An industry standardization group—composed of representatives from all of the major camera and optical manufacturers—closely examined the 2/3-inch HDTV lens-camera interface in the early 1990s. They ultimately produced the interface standard, BTA S-1005-A, that precisely defines the mechanical, optical and electrical interfaces between the lens and the camera. Central within this standard is an agreed-to precision offset in the path length of the red and blue camera image sensors relative to the green sensor. This was a compromise wrung from the contending expertise of the optical manufacturers—all of whom were concerned with chromatic aberrations in the very small 2/3-inch image format HD lens (and each having proprietary strategies for dealing with this aberration).

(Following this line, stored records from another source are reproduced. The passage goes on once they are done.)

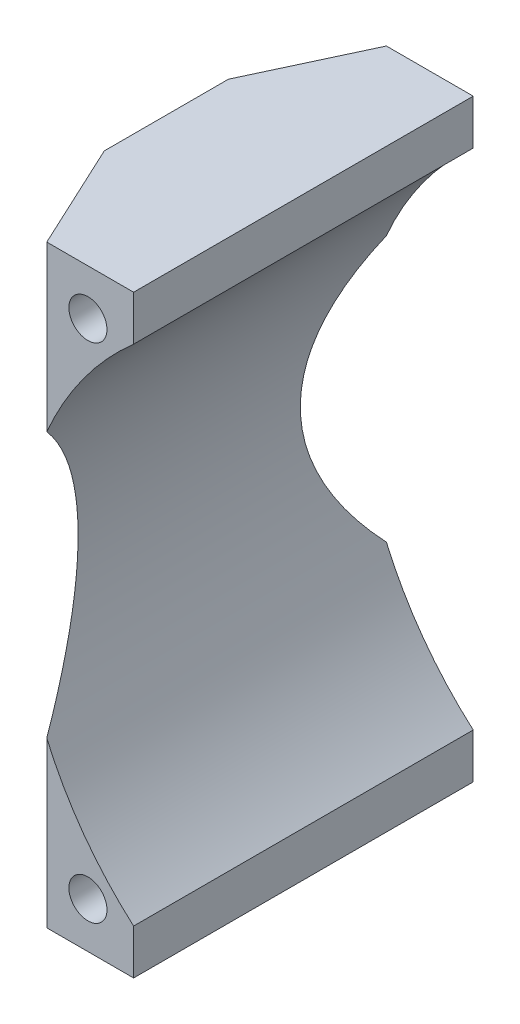
from build123d import *

# Parameters (mm, degrees)
SKETCH_1_W                       = 8.5
SKETCH_1_H                       = 39
EXTRUDE_1_DEPTH                  = 22.3
SKETCH_2_R                       = 22
CUT_EXTRUDE_2_DEPTH              = 22.3
HOLE_WIZARD_M3_1_D               = 2.5
HOLE_WIZARD_M3_1_DEPTH           = 9.5
HOLE_WIZARD_M3_1_TIP             = 0.751075774
HOLE_WIZARD_M3_2_D               = 2.5
HOLE_WIZARD_M3_2_DEPTH           = 9.5
HOLE_WIZARD_M3_2_TIP             = 0.751075774
HOLE_WIZARD_M3_3_D               = 2.5
HOLE_WIZARD_M3_3_DEPTH           = 9.5
HOLE_WIZARD_M3_3_TIP             = 0.751075774
HOLE_WIZARD_M3_3_ON_FACE_2_D     = 2.5
HOLE_WIZARD_M3_3_ON_FACE_2_DEPTH = 9.5
HOLE_WIZARD_M3_3_ON_FACE_2_TIP   = 0.751075774
CHAMFER_2_SIZE                   = 6
CHAMFER_2_SIZE_2                 = 2.797845949
CHAMFER_5_SIZE                   = 2.797845949
CHAMFER_5_SIZE_2                 = 6
EXTRUDE_5_DEPTH                  = 39


with BuildPart() as part:
    # 草图1 → 拉伸1 (new body)
    with BuildSketch(Plane.XY):
        with Locations((-4.25, 0)):
            Rectangle(SKETCH_1_W, SKETCH_1_H)
    extrude(amount=EXTRUDE_1_DEPTH)

    # 草图2 → 拉伸2 (cut)
    with BuildSketch(Plane.XY.offset(22.3)):
        with Locations((14.5, 0)):
            Circle(SKETCH_2_R)
    extrude(amount=-CUT_EXTRUDE_2_DEPTH, mode=Mode.SUBTRACT)

    # M3 螺纹孔1
    with Locations(Plane(origin=(-3, 16.5, 22.3), x_dir=(1, 0, 0), z_dir=(0, 0, 1))):
        with Locations((0, 0)):
            Hole(HOLE_WIZARD_M3_1_D / 2, depth=HOLE_WIZARD_M3_1_DEPTH)
            with Locations((0, 0, -(HOLE_WIZARD_M3_1_DEPTH + HOLE_WIZARD_M3_1_TIP / 2))):  # 118° drill point
                Cone(0, HOLE_WIZARD_M3_1_D / 2, HOLE_WIZARD_M3_1_TIP, mode=Mode.SUBTRACT)

    # M3 螺纹孔2
    with Locations(Plane(origin=(-3, 16.5, 0), x_dir=(-1, 0, 0), z_dir=(0, 0, -1))):
        with Locations((0, 0)):
            Hole(HOLE_WIZARD_M3_2_D / 2, depth=HOLE_WIZARD_M3_2_DEPTH)
            with Locations((0, 0, -(HOLE_WIZARD_M3_2_DEPTH + HOLE_WIZARD_M3_2_TIP / 2))):  # 118° drill point
                Cone(0, HOLE_WIZARD_M3_2_D / 2, HOLE_WIZARD_M3_2_TIP, mode=Mode.SUBTRACT)

    # M3 螺纹孔3
    with Locations(Plane(origin=(-3, -16.5, 22.3), x_dir=(1, 0, 0), z_dir=(0, 0, 1))):
        with Locations((0, 0)):
            Hole(HOLE_WIZARD_M3_3_D / 2, depth=HOLE_WIZARD_M3_3_DEPTH)
            with Locations((0, 0, -(HOLE_WIZARD_M3_3_DEPTH + HOLE_WIZARD_M3_3_TIP / 2))):  # 118° drill point
                Cone(0, HOLE_WIZARD_M3_3_D / 2, HOLE_WIZARD_M3_3_TIP, mode=Mode.SUBTRACT)

    # M3 螺纹孔3 on face 2
    with Locations(Plane(origin=(-3, -16.5, 0), x_dir=(-1, 0, 0), z_dir=(0, 0, -1))):
        with Locations((0, 0)):
            Hole(HOLE_WIZARD_M3_3_ON_FACE_2_D / 2, depth=HOLE_WIZARD_M3_3_ON_FACE_2_DEPTH)
            with Locations((0, 0, -(HOLE_WIZARD_M3_3_ON_FACE_2_DEPTH + HOLE_WIZARD_M3_3_ON_FACE_2_TIP / 2))):  # 118° drill point
                Cone(0, HOLE_WIZARD_M3_3_ON_FACE_2_D / 2, HOLE_WIZARD_M3_3_ON_FACE_2_TIP, mode=Mode.SUBTRACT)

    # 倒角2
    # the kernel refuses this chamfer: 6, 2.797845949 mm, written as the material it takes off along each edge
    with BuildSketch(Plane(origin=(-8.5, -35.045852829, 22.3), x_dir=(-0.01631116413111048, 0, -0.9998669641130704), z_dir=(0, 1, 0))) as chamfer_2_piece_1:
        Polygon((CHAMFER_2_SIZE * 0.999866964113, -CHAMFER_2_SIZE * 0.0163111641311), (-CHAMFER_2_SIZE_2 * 0.0163111641307, -CHAMFER_2_SIZE_2 * 0.999866964088), (0, 0), align=None)
    extrude(amount=70.091705657, mode=Mode.SUBTRACT)

    # 倒角5
    # the kernel refuses this chamfer: 6, 2.797845949 mm, written as the material it takes off along each edge
    with BuildSketch(Plane(origin=(-8.5, -35.045852829, 0), x_dir=(0.9971975577536775, 0, -0.07481330637059953), z_dir=(0, 1, 0))) as chamfer_5_piece_1:
        Polygon((CHAMFER_5_SIZE * 0.997197557729, -CHAMFER_5_SIZE * 0.0748133063687), (-CHAMFER_5_SIZE_2 * 0.0748133063706, -CHAMFER_5_SIZE_2 * 0.997197557754), (0, 0), align=None)
    extrude(amount=70.091705657, mode=Mode.SUBTRACT)

    # 草图8 → 拉伸5 (add)
    with BuildSketch(Plane(origin=(0, 19.5, 0), x_dir=(1, 0, 0), z_dir=(0, 1, 0))):
        Polygon((-8.5, -16.3), (-8.5, -6), (-9, -7.07225346), (-9, -15.22774654), align=None)
    extrude(amount=-EXTRUDE_5_DEPTH)


solid = part.part

HD lenses are meticulously designed with these offsets in mind. SD lenses, however, are designed to quite different offset specifications. Thus, mounting an SD lens on an HD camera will introduce unpredictable chromatic aberrations. They will become even more unpredictable as the lens zoom control is exercised. It is universally acknowledged that visible chromatic aberrations constitute one of the most unacceptable impairments to high quality HD imagery.

The Age of the HD Lens

The marketplace is now seeing a broadening hierarchy of HD acquisition systems to address both different production applications and a wide diversity of HD production budgets. This product hierarchy comprises a range of image-format sizes, a variety of image-sensor sampling lattices and diverse bit rate reduction recording strategies. They range from the emerging large-format 35mm digital HD cameras, to new tapeless HD camcorders (embodying 2/3-inch, 1/2-inch and 1/3-inch image formats), to the presently popular lower-cost HDV camcorders (mostly using 1/3-inch image formats). The optical manufacturers are presently grappling with the implications of all this in terms of a commensurate hierarchy in HD lenses (with careful attention to a matching range of costs and performances). Suggestions of SD lenses being part of this mix will introduce technical confusion and will ultimately manifest itself in widespread disappointment when the picture performance of such systems are ranked with those utilizing true HD lens-camera systems.

Separately, the suggested use of any 2/3-inch SD lens on the emerging 1/2-inch and 1/3-inch HD camcorders via the presently available lens adapters should not ignore the further aberrations introduced by these additional glass elements which are universally of SD design.

Long term, it is in everybody’s interest to reach a point where all lenses intended for either SD or HD cameras are designed to the exacting imaging disciplines of HD. Over the past decade optical manufacturers have made tremendous strides in driving down the costs of HD lenses. Larger production quantities (with attendant economies of scale) will hopefully soon render it unnecessary to continue designing SD lenses. That will be a win-win all round.